##### MATERIALS PROVIDED #####
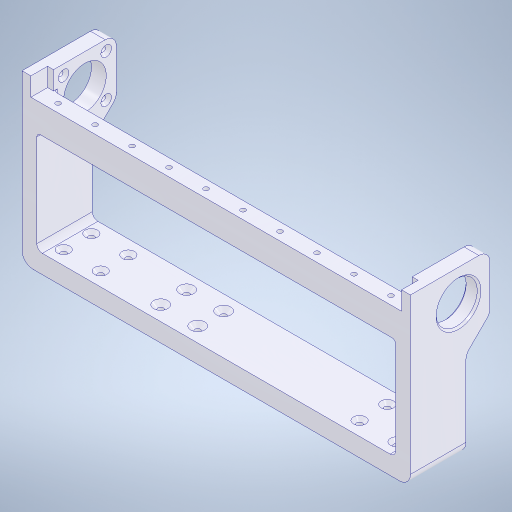
# Autodesk Inventor part: gantry_L
Saved by Autodesk Inventor 2024.1 (Build 281209000, 209)
## iProperties
Created: 2023-08-11
Part Number: gantry_L
Material: Generic
Document SubType Name: Modeling
Designer: l1534
Density: 1 g/cm^3
Appearance: Cool White
Author: l1534
Autodesk Inventor part; units mm, degrees
ref_plane "YZ Plane" through (0, 0, 0) normal (1, 0, 0) x (0, 1, 0)
ref_plane "XZ Plane" through (0, 0, 0) normal (0, 1, 0) x (-1, 0, 0)
ref_plane "XY Plane" through (0, 0, 0) normal (0, 0, 1) x (1, 0, 0)
sketch "Sketch1" plane through (0, 0, 0) normal (0, 0, 1) x (1, 0, 0)
  line L0 (-75.4115, 94.0727) -> (134.5885, 94.0727)
  line L1 (134.5885, 94.0727) -> (134.5885, 4.0727)
  line L2 (134.5885, 4.0727) -> (-75.4115, 4.0727)
  line L3 (-75.4115, 4.0727) -> (-75.4115, 94.0727)
  point P0 (0, 0)
  dimension "d0" = 210
  dimension "d1" = 90
  constraints: 8 end point, 2 parallel, 1 horizontal, 1 perpendicular
  measures "d0" distance of L0.start L0.end
  measures "d1" distance of L0.end L1.end
extrude "Extrusion1" add sketch "Sketch1" along normal blind 30
sketch "Sketch2" plane through (0, 0, 30) normal (0, 0, 1) x (1, 0, 0)
  line L0 (134.5885, 94.0727) -> (-75.4115, 94.0727) projected
  line L1 (-67.4115, 94.0727) -> (126.5885, 94.0727)
  line L2 (126.5885, 94.0727) -> (126.5885, 14.0727)
  line L3 (126.5885, 14.0727) -> (-67.4115, 14.0727)
  line L4 (-67.4115, 14.0727) -> (-67.4115, 94.0727)
  line L5 (-75.4115, 94.0727) -> (-75.4115, 4.0727) projected
  line L6 (134.5885, 4.0727) -> (134.5885, 94.0727) projected
  line L7 (-75.4115, 4.0727) -> (134.5885, 4.0727) projected
  point P0 (0, 0)
  dimension "d4" = 8
  dimension "d5" = 8
  dimension "d6" = 10
  constraints: 8 end point, 2 parallel, 1 horizontal, 1 perpendicular, 1 point on line
  measures "d4" distance between parallel lines of L5 L4
  measures "d5" distance between parallel lines of L6 L2
  measures "d6" distance between parallel lines of L7 L3
extrude "Extrusion2" cut sketch "Sketch2" against normal blind 30 contours L2 L3 L4 L0
sketch "Sketch3" plane through (-67.4115, 14.0727, 30) normal (0, 1, 0) x (1, 0, 0)
  circle A0 centre (7, 7.5) radius 1.5
  circle A1 centre (7, 22.5) radius 1.5
  circle A2 centre (27, 7.5) radius 1.5
  circle A3 centre (27, 22.5) radius 1.5
  circle A4 centre (187, 22.5) radius 1.5
  circle A5 centre (167, 7.5) radius 1.5
  circle A6 centre (187, 7.5) radius 1.5
  circle A7 centre (167, 22.5) radius 1.5
  line L0 (194, 0) -> (0, 0) projected
  line L1 (194, 30) -> (194, 0) projected
  point P0 (67.4115, 30)
  dimension "d9" = 3
  dimension "d10" = 3
  dimension "d11" = 3
  dimension "d12" = 3
  dimension "d13" = 3
  dimension "d14" = 3
  dimension "d15" = 3
  dimension "d16" = 3
  dimension "d18" = 7.5
  dimension "d19" = 7.5
  dimension "d20" = 7.5
  dimension "d21" = 7.5
  dimension "d22" = 20
  dimension "d23" = 20
  dimension "d24" = 7
  dimension "d25" = 20
  dimension "d26" = 20
  dimension "d27" = 7
  dimension "d28" = 15
  dimension "d29" = 15
  dimension "d30" = 15
  dimension "d31" = 15
  dimension "d33" = 140
  dimension "d34" = 140
  constraints: 8 centre point
  measures "d9" diameter of A0
  measures "d10" diameter of A1
  measures "d11" diameter of A2
  measures "d12" diameter of A3
  measures "d13" diameter of A6
  measures "d14" diameter of A7
  measures "d15" diameter of A5
  measures "d16" diameter of A4
  measures "d18" distance from line of L0 A6.centre
  measures "d19" distance from line of L0 A2.centre
  measures "d20" distance from line of L0 A0.centre
  measures "d21" distance from line of L0 A5.centre
  measures "d22" distance of A2.centre A0.centre
  measures "d23" distance of A3.centre A1.centre
  measures "d24" distance from line of L1 A6.centre
  measures "d25" distance of A6.centre A5.centre
  measures "d26" distance of A7.centre A4.centre
  measures "d27" distance from line of L1 A4.centre
  measures "d28" distance of A4.centre A6.centre
  measures "d29" distance of A5.centre A7.centre
  measures "d30" distance of A2.centre A3.centre
  measures "d31" distance of A0.centre A1.centre
  measures "d33" distance of A5.centre A2.centre
  measures "d34" distance of A7.centre A3.centre
extrude "Extrusion3" cut sketch "Sketch3" against normal blind 30
chamfer "Chamfer1" distance 1.8 angle 45 8 edges at (-61.9115, 14.0727, 7.5) (-61.9115, 14.0727, 22.5) (-41.9115, 14.0727, 22.5) (-41.9115, 14.0727, 7.5) (118.0885, 14.0727, 7.5) (118.0885, 14.0727, 22.5) (98.0885, 14.0727, 22.5) (98.0885, 14.0727, 7.5)
sketch "Sketch9" plane through (0, 0, 0) normal (0, 0, -1) x (-1, 0, 0)
  line L0 (-134.5885, 94.0727) -> (-126.5885, 94.0727) projected
  line L1 (-134.5885, 94.0727) -> (-126.5885, 94.0727)
  line L2 (-126.5885, 94.0727) -> (-126.5885, 64.0727)
  line L3 (-126.5885, 64.0727) -> (-134.5885, 64.0727)
  line L4 (-134.5885, 64.0727) -> (-134.5885, 94.0727)
  line L5 (67.4115, 94.0727) -> (75.4115, 94.0727) projected
  line L6 (67.4115, 94.0727) -> (67.4115, 14.0727) projected
  line L7 (75.4115, 94.0727) -> (67.4115, 94.0727)
  line L8 (67.4115, 94.0727) -> (67.4115, 64.0727)
  line L9 (67.4115, 64.0727) -> (75.4115, 64.0727)
  line L10 (75.4115, 64.0727) -> (75.4115, 94.0727)
  point P0 (0, 0)
  point P1 (71.4115, 94.0727)
  point P2 (71.4115, 64.0727)
  dimension "d74" = 30
  dimension "d75" = 30
  dimension "d90" = 8
  constraints: 16 end point, 4 parallel, 2 horizontal, 2 midpoint, 2 perpendicular, 1 point on line
  measures "d74" distance of L1.end L2.end
  measures "d75" distance of point (71.411, 94.073) point (71.411, 64.073)
  measures "d90" distance between parallel lines of L4 L2
extrude "Extrusion9" add sketch "Sketch9" along normal blind 13
chamfer "Chamfer4" distance 13 angle 45 2 edges at (130.5885, 64.0727, 0) (-71.4115, 64.0727, 0)
sketch "Sketch12" plane through (-67.4115, 14.0727, 30) normal (1, 0, 0) x (0, 0, -1)
  line L0 (0, 0) -> (0, 80) projected
  line L1 (0, 70) -> (9, 70)
  line L2 (9, 70) -> (9, 55)
  line L3 (9, 55) -> (0, 55)
  line L4 (0, 55) -> (0, 70)
  line L5 (0, 80) -> (43, 80) projected
  point P0 (30, -14.0727)
  point P1 (0, 55)
  dimension "d97" = 9
  dimension "d98" = 15
  dimension "d99" = 10
  constraints: 8 end point, 2 parallel, 1 horizontal, 1 perpendicular, 1 point on line
  measures "d97" distance of L1.start L1.end
  measures "d98" distance of L1.end L2.end
  measures "d99" distance between parallel lines of L5 L1
extrude "Extrusion12" add sketch "Sketch12" along normal blind 194
sketch "Sketch13" plane through (-75.4115, 4.0727, 30) normal (-1, 0, 0) x (0, 0, 1)
  circle A0 centre (-26, 73) radius 11.5
  line L0 (-43, 90) -> (0, 90) projected
  line L1 (-43, 60) -> (-43, 90) projected
  circle A1 centre (-37.5, 84.5) radius 1.25
  circle A2 centre (-14.5, 84.5) radius 1.25
  circle A3 centre (-14.5, 61.5) radius 1.25
  circle A4 centre (-37.5, 61.5) radius 1.25
  point P0 (-30, -4.0727)
  dimension "d102" = 23
  dimension "d103" = 17
  dimension "d104" = 17
  dimension "d128" = 2.5
  dimension "d129" = 2.5
  dimension "d130" = 2.5
  dimension "d131" = 2.5
  dimension "d132" = 11.5
  dimension "d133" = 11.5
  dimension "d134" = 11.5
  dimension "d135" = 11.5
  dimension "d136" = 11.5
  dimension "d137" = 11.5
  dimension "d138" = 11.5
  dimension "d139" = 11.5
  constraints: 5 centre point
  measures "d102" diameter of A0
  measures "d103" distance from line of L0 A0.centre
  measures "d104" distance from line of L1 A0.centre
  measures "d128" diameter of A1
  measures "d129" diameter of A2
  measures "d130" diameter of A3
  measures "d131" diameter of A4
  measures "d132" horizontal distance of A0.centre A4.centre
  measures "d133" horizontal distance of A0.centre A4.centre
  measures "d134" horizontal distance of A0.centre A3.centre
  measures "d135" horizontal distance of A0.centre A3.centre
  measures "d136" horizontal distance of A0.centre A2.centre
  measures "d137" horizontal distance of A0.centre A2.centre
  measures "d138" horizontal distance of A0.centre A1.centre
  measures "d139" horizontal distance of A0.centre A1.centre
extrude "Extrusion13" cut sketch "Sketch13" against normal blind 202
fillet "Fillet3" radius 2 4 edges at (-67.4115, 76.5727, 21) (-67.4115, 69.0727, 25.5) (126.5885, 76.5727, 21) (126.5885, 69.0727, 25.5)
sketch "Sketch14" plane through (-75.4115, 94.0727, 30) normal (0, 1, 0) x (1, 0, 0)
  line L0 (8, 0) -> (0, 0) projected
  line L1 (4.8, 0) -> (205.2, 0)
  line L2 (205.2, 0) -> (205.2, 9)
  line L3 (205.2, 9) -> (4.8, 9)
  line L4 (4.8, 9) -> (4.8, 0)
  line L5 (202, 43) -> (202, 0) projected
  line L6 (8, 0) -> (8, 43) projected
  point P0 (75.4115, 30)
  point P1 (202, 9)
  point P2 (8, 9)
  dimension "d108" = 9
  dimension "d109" = 3.2
  dimension "d110" = 3.2
  constraints: 8 end point, 2 parallel, 1 horizontal, 1 perpendicular, 1 point on line
  measures "d108" distance of L1.end L2.end
  measures "d109" distance between parallel lines of L5 L2
  measures "d110" distance between parallel lines of L6 L4
extrude "Extrusion14" cut sketch "Sketch14" against normal blind 10 contours L0 L4 L3 L6 | L5 L3 L2 L1
sketch "Sketch15" plane through (-65.4115, 84.0727, 21) normal (0, 1, 0) x (1, 0, 0)
  circle A0 centre (5, -4.5) radius 1.3
  line L0 (-5.2, -9) -> (-5.2, 0) projected
  line L1 (195.2, -9) -> (-5.2, -9) projected
  circle A1 centre (25, -4.5) radius 1.3
  circle A2 centre (45, -4.5) radius 1.3
  circle A3 centre (65, -4.5) radius 1.3
  circle A4 centre (85, -4.5) radius 1.3
  circle A5 centre (105, -4.5) radius 1.3
  circle A6 centre (125, -4.5) radius 1.3
  circle A7 centre (145, -4.5) radius 1.3
  circle A8 centre (165, -4.5) radius 1.3
  circle A9 centre (185, -4.5) radius 1.3
  point P0 (65.4115, 21)
  dimension "d116" = 10.2
  dimension "d117" = 4.5
  dimension "d120" = 20
  dimension "d127" = 2.6
  constraints: 10 centre point, 1 horizontal, 18 other
  measures "d116" distance from line of L0 A0.centre
  measures "d117" distance from line of L1 A0.centre
  measures "d120" distance of A0.centre A1.centre
  measures "d127" diameter of A0
extrude "Extrusion15" cut sketch "Sketch15" against normal blind 15
chamfer "Chamfer9" distance 1.6 angle 45 4 edges at (-67.4115, 88.5727, 14.25) (-67.4115, 88.5727, -8.75) (-67.4115, 65.5727, 14.25) (-67.4115, 65.5727, -8.75)
fillet "Fillet4" radius 3 2 edges at (126.5885, 14.0727, 15) (-67.4115, 14.0727, 15)
fillet "Fillet5" radius 6 2 edges at (134.5885, 4.0727, 15) (-75.4115, 4.0727, 15)
fillet "Fillet6" radius 6 12 edges at (130.5885, 51.0728, 0) (-71.4115, 51.0728, 0) (-75.4115, 64.0727, -13) (-67.4115, 64.0727, -13) (-71.4115, 64.0727, -12.9999) (-71.4115, 64.0727, -13) (134.5885, 64.0727, -13) (126.5885, 64.0727, -13) (130.5885, 64.0727, -12.9999) (130.5885, 64.0727, -13) (130.5885, 94.0727, -13) (-71.4115, 94.0727, -13)
sketch "Sketch17" plane through (-64.4115, 14.0727, 30) normal (0, 1, 0) x (1, 0, 0)
  circle A0 centre (56, 22) radius 1.5
  circle A1 centre (56, 8) radius 1.5
  circle A2 centre (76, 8) radius 1.5
  circle A3 centre (76, 22) radius 1.5
  line L0 (0, 30) -> (188, 30) projected
  line L1 (188, 0) -> (0, 0) projected
  line L2 (-3, 30) -> (-3, 0) projected
  point P0 (64.4115, 30)
  dimension "d155" = 3
  dimension "d156" = 3
  dimension "d157" = 3
  dimension "d158" = 3
  dimension "d159" = 8
  dimension "d160" = 8
  dimension "d161" = 8
  dimension "d162" = 8
  dimension "d163" = 20
  dimension "d164" = 20
  dimension "d165" = 59
  dimension "d166" = 59
  constraints: 4 centre point
  measures "d155" diameter of A1
  measures "d156" diameter of A0
  measures "d157" diameter of A2
  measures "d158" diameter of A3
  measures "d159" distance from line of L0 A0.centre
  measures "d160" distance from line of L1 A1.centre
  measures "d161" distance from line of L0 A3.centre
  measures "d162" distance from line of L1 A2.centre
  measures "d163" distance of A3.centre A0.centre
  measures "d164" distance of A2.centre A1.centre
  measures "d165" distance from line of L2 A0.centre
  measures "d166" distance from line of L2 A1.centre
extrude "Extrusion17" cut sketch "Sketch17" against normal blind 10
chamfer "Chamfer10" distance 2.3 angle 45 4 edges at (10.0885, 14.0727, 22) (-9.9115, 14.0727, 22) (-9.9115, 14.0727, 8) (10.0885, 14.0727, 8)
sketch "Sketch18" plane through (134.5885, 10.0727, 30) normal (1, 0, 0) x (0, 0, -1)
  circle A0 centre (26, 67) radius 11.5 projected
  circle A1 centre (26, 67) radius 11.1
  point P0 (30, -10.0727)
  dimension "d172" = 22.2
  constraints: 1 centre point, 1 coincident
  measures "d172" diameter of A1
extrude "Extrusion18" cut sketch "Sketch18" against normal up to surface (8 mm away) contours A1
chamfer "Chamfer11" distance 1 angle 45 2 edges at (126.5885, 77.0727, 15.1) (134.5885, 77.0727, 15.1)
equation "\"d20\" = d19"
equation "\"d21\" = d18"
equation "\"d23\" = d22"
equation "\"d26\" = d25"
equation "\"d27\" = d24"
equation "\"d29\" = d28"
equation "\"d30\" = d29"
equation "\"d31\" = d30"
equation "\"d34\" = d33"
body "Solid1"
#####
WORK REQUEST
Copy out the range of lines above starting at the line with "line L2 (9, 70) -> (9, 55)" and ending at the line with "0) x (0, 0, 1)", exactly and including both.

WRITTEN SOLUTION
  line L2 (9, 70) -> (9, 55)
  line L3 (9, 55) -> (0, 55)
  line L4 (0, 55) -> (0, 70)
  line L5 (0, 80) -> (43, 80) projected
  point P0 (30, -14.0727)
  point P1 (0, 55)
  dimension "d97" = 9
  dimension "d98" = 15
  dimension "d99" = 10
  constraints: 8 end point, 2 parallel, 1 horizontal, 1 perpendicular, 1 point on line
  measures "d97" distance of L1.start L1.end
  measures "d98" distance of L1.end L2.end
  measures "d99" distance between parallel lines of L5 L1
extrude "Extrusion12" add sketch "Sketch12" along normal blind 194
sketch "Sketch13" plane through (-75.4115, 4.0727, 30) normal (-1, 0, 0) x (0, 0, 1)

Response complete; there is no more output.